HALEY: “Incrementally. Small increments knowing what we know about that position. It’s a non-glory position as it is. You just want to see steady improvement and this was probably just a little step back for him.”
Q: What happened when you had such a good week of practice and what happened in the game?
HALEY: “Well, if I had that answer I could have stopped it. In pre-game I was even a little worried because of the overall mood and the way some guys were acting. We’ve got to get back to work and trust the things that we’re doing will get us better. We’re still in the first quarter of the season and 0-3 and two of our losses are to teams that were in the championship game last year and they could very well be in those same positions last year. Those are games we’ve got to compete and win in. We’re not going to accept the result, no way am I saying that. But the reality is we’re 0-3 and we lost to two teams that are pretty good and we’re going to play another pretty good one this week. We’ve got to do everything in our power as a coaching staff to clean up those areas that are keeping us from winning or even competing yesterday.”
Q: Was Bowe a close decision yesterday to play or not to play?
HALEY: “No, not this week. As it turned out anytime you’re talking about a hamstring I think on a skill position you’ve got to error on the side of caution. Those can turn out to be a long term thing if you’re not careful.”
Q: Was the weather a factor?
HALEY: “No, just the progress we wanted him to make he didn’t make.”
Q: Would you expect Bowe and Derrick Johnson to practice Wednesday?
HALEY: “I’m hopeful - again, Derrick a little more hopeful. Trying to be smart with the other guy early in the week.”
Q: When you said in pre-game you were a little nervous. Can you can expand on that?
HALEY: “Just having coached and been out in that situation a bunch as a position coach and coordinator, that’s a game us coaches play all the time: what do you think? We talk to each other. What are they acting like, what’s your feel? Yesterday in particular it wasn’t a very good feel that I had of what I was seeing. In fact, in seven-on-seven which is a throwing drill I ended up getting ticked off and handing the ball off about eight straight times. The energy, the movement was bothersome to me.”

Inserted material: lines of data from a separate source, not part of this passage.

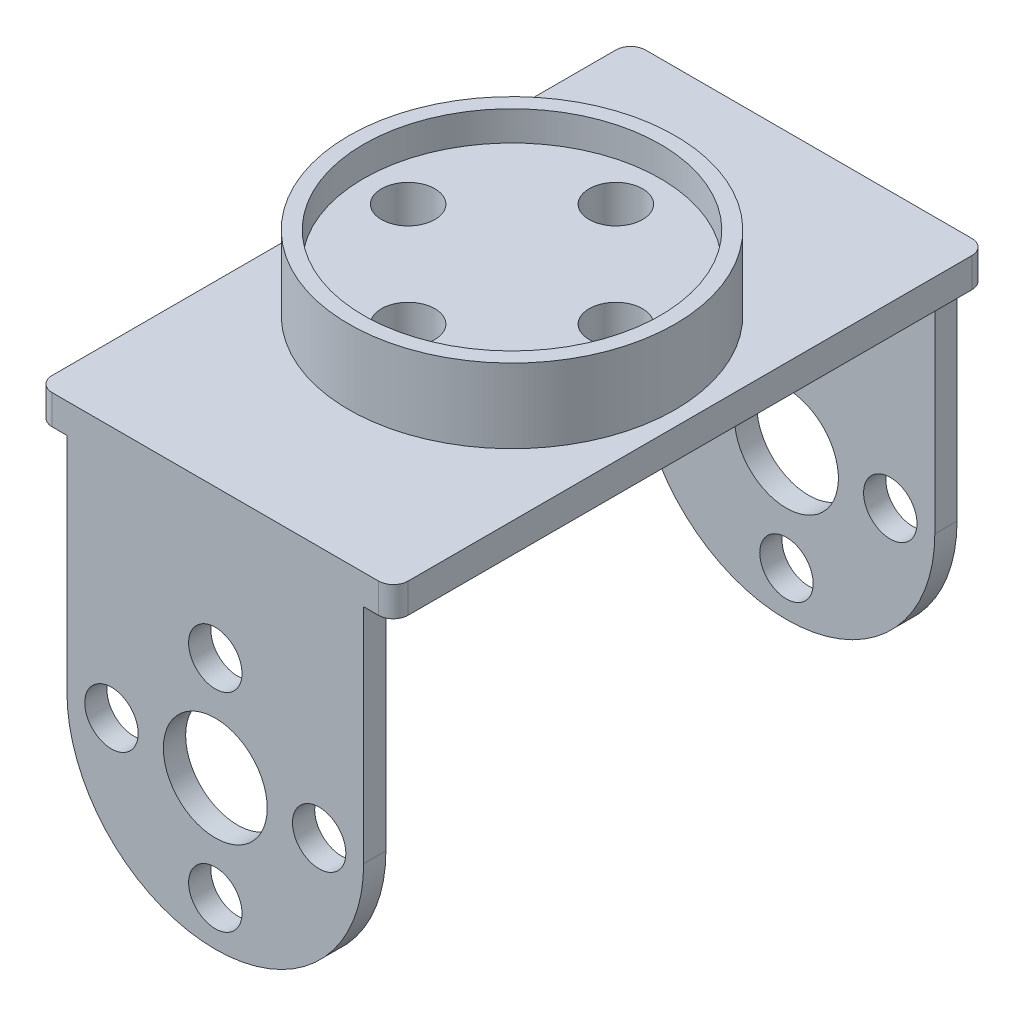
SolidWorks part; units mm, degrees
ref_plane "前视基准面" through (0, 0, 0) normal (0, 0, 1) x (1, 0, 0)
ref_plane "上视基准面" through (0, 0, 0) normal (0, 1, 0) x (1, 0, 0)
ref_plane "右视基准面" through (0, 0, 0) normal (1, 0, 0) x (0, 0, -1)
other "Configuration Table"
sketch "草图1" plane through (0, 0, 0) normal (0, 0, 1) x (1, 0, 0)
  line L1 (0, 0) -> (-24, 0)
  line L2 (0, 0) -> (0, 30)
  line L3 (0, 30) -> (-24, 30)
  line L4 (-24, 0) -> (-24, 30)
  dimension "D1" = 30
  dimension "D2" = 24
extrude "凸台-拉伸1" add sketch "草图1" along normal blind 40
sketch "草图2" plane through (0, 0, 0) normal (0, 0, -1) x (-1, 0, 0)
  line L0 (12, 0) -> (12, 50000) construction
  line L1 (24, 0) -> (0, 0) construction
  line L2 (0, 30) -> (24, 30) construction
  line L3 (2, 13) -> (2, 28)
  line L4 (2, 28) -> (0, 28)
  line L5 (0, 0) -> (0, 30) construction
  line L6 (24, 30) -> (24, 28)
  line L7 (22, 28) -> (24, 28)
  line L8 (22, 13) -> (22, 28)
  line L10 (0, 30) -> (0, 0)
  line L11 (0, 0) -> (24, 0)
  line L12 (24, 0) -> (24, 30)
  line L13 (24, 30) -> (0, 30)
  line L14 (0, 30) -> (0, 28)
  line L17 (24, 30) -> (0, 30)
  circle A0 centre (12, 13) radius 10
  point P4 (12, 0)
  line M13 (0, 30) -> (0, 0)
  line M14 (0, 0) -> (24, 0)
  line M15 (24, 0) -> (24, 30)
  dimension "D1" = 20
  dimension "D2" = 17
  dimension "D3" = 0
  dimension "D4" = 2
extrude "切除-拉伸1" cut sketch "草图2" against normal through all contours L0 A0 L3 L4 M14 M13 | L0 L7 L8 A0 M14 M15
ref_plane "基准面1" through (0, 0, 20) normal (0, 0, -1) x (-1, 0, 0)
sketch "草图3" plane through (0, 0, 20) normal (0, 0, -1) x (-1, 0, 0)
  line L0 (2, 28) -> (22, 28)
  line L7 (0, 30) -> (0, 28)
  line L8 (0, 28) -> (2, 28)
  line L9 (2, 28) -> (2, 13)
  line L10 (22, 13) -> (22, 28)
  line L11 (22, 28) -> (24, 28)
  line L12 (24, 28) -> (24, 30)
  line L13 (24, 30) -> (0, 30)
  line L14 (0, 30) -> (0, 28)
  line L15 (0, 28) -> (2, 28)
  line L16 (2, 28) -> (2, 13)
  line L17 (22, 13) -> (22, 28)
  line L18 (22, 28) -> (24, 28)
  line L19 (24, 28) -> (24, 30)
  line L20 (24, 30) -> (0, 30)
  arc A1 (2, 13) -> (22, 13) centre (12, 13) ccw
  arc A2 (2, 13) -> (22, 13) centre (12, 13) ccw
  dimension "D1" = 0
extrude "切除-拉伸2" cut sketch "草图3" against normal blind 18.5 and the other way blind 18.5 contours L16 A2 L17 L0
sketch "草图4" plane through (0, 0, 0) normal (0, 0, -1) x (-1, 0, 0)
  circle A0 centre (12, 13) radius 7 construction
  circle A1 centre (12, 6) radius 1.8
  circle A5 centre (12, 13) radius 3.5
  circle A6 centre (12, 20) radius 1.8
  circle A7 centre (19, 13) radius 1.8
  circle A8 centre (5, 13) radius 1.8
  point P14 (11.0448, 11.9373)
  dimension "D1" = 14
  dimension "D2" = 3.6
  dimension "D4" = 7
  dimension "D3" = 3.6
  dimension "D5" = 3.6
  dimension "D6" = 3.6
extrude "切除-拉伸3" cut sketch "草图4" against normal up to surface (40 mm away) up to face at (-12, 23.5, 40)
sketch "草图5" plane through (0, 30, 0) normal (0, 1, 0) x (1, 0, 0)
  line L0 (-24, -20) -> (49976, -20) construction
  line L1 (-24, -40) -> (-24, 0) construction
  line L2 (-12, 0) -> (-12, -50000) construction
  line L3 (0, 0) -> (-24, 0) construction
  circle A0 centre (-12, -20) radius 10
  circle A1 centre (-12, -20) radius 11
  point P4 (-24, -20)
  point P9 (-12, 0)
  dimension "D1" = 20
  dimension "D2" = 22
extrude "凸台-拉伸2" add sketch "草图5" along normal blind 5 separate body contours A1 A0
sketch "草图6" plane through (0, 35, 0) normal (0, 1, 0) x (1, 0, 0)
  circle A0 centre (-12, -20) radius 10
  dimension "D1" = 20
extrude "切除-拉伸4" cut sketch "草图6" against normal blind 2
sketch "草图7" plane through (0, 33, 0) normal (0, 1, 0) x (1, 0, 0)
  circle A0 centre (-12, -20) radius 7 construction
  circle A1 centre (-12, -13) radius 1.8
  circle A2 centre (-5, -20) radius 1.8
  circle A3 centre (-12, -27) radius 1.8
  circle A4 centre (-19, -20) radius 1.8
  point P14 (-12, -20)
  dimension "D1" = 14
  dimension "D2" = 3.6
  dimension "D3" = 4
extrude "切除-拉伸5" cut sketch "草图7" against normal through all
sketch "草图8" plane through (0, 28, 0) normal (0, -1, 0) x (1, 0, 0)
  circle A0 centre (-12, 27) radius 2.7
  circle A1 centre (-5, 20) radius 2.7
  circle A2 centre (-19, 20) radius 2.7
  circle A3 centre (-12, 13) radius 2.7
  dimension "D1" = 5.4
  dimension "D2" = 5.4
  dimension "D3" = 5.4
  dimension "D4" = 5.4
extrude "切除-拉伸6" cut sketch "草图8" against normal blind 2
fillet "圆角1" radius 1 4 edges at (-24, 29, 40) (0, 29, 40) (0, 29, 0) (-24, 29, 0)

Q: Is the problem with penalties a symptom of a bigger issue with personnel or just a team going through some on-field discipline problems?
HALEY: “I don’t know if it’s either. This is something we stress and talk about all the time and coach hard. It’s one of the areas I was pretty pleased with throughout the pre-season and our first game. Generally those things don’t change dramatically. If you’re low penalties through the pre-season and the first game you don’t expect to swing like this normally. To come into the second game and all of a sudden technique breaks down and we start making poor decisions it’s something we have to figure out how to get back to where we were.”
Q: Do you think Brandon Albert has regressed from what you’ve seen of him the first three games?
HALEY: “I don’t know if I’d go that far. I would say that yesterday was not his best and I think he would tell you that. That’s a player who has worked hard and is trying to do all the right things that went south yesterday. I think he’s as disappointed as we are and that’s a good thing.”
Q: When things aren’t going well, do you go back to making it simple?
HALEY: “I think we will do whatever we have to do to give ourselves the best chance to win. If that’s one of the areas – generally when you’re making some mistakes that would be something you might look at – then I think that’s a possibility.”
Q: Did you get the feeling that guys were laying down or giving up?
HALEY: “Lay down was probably the wrong term. In trying to find this identify for our team which I’ve made clear how you respond in those situations is a big part of that identify. Good teams can impose their will or run the football specifically even when the other teams knows what they’re doing. I think it was more a case of just a little wake up call. This is what we’re doing and we don’t care if they know what we’re doing. We’re going to block them. There were enough encouraging signs to me to think we’re making some progress.”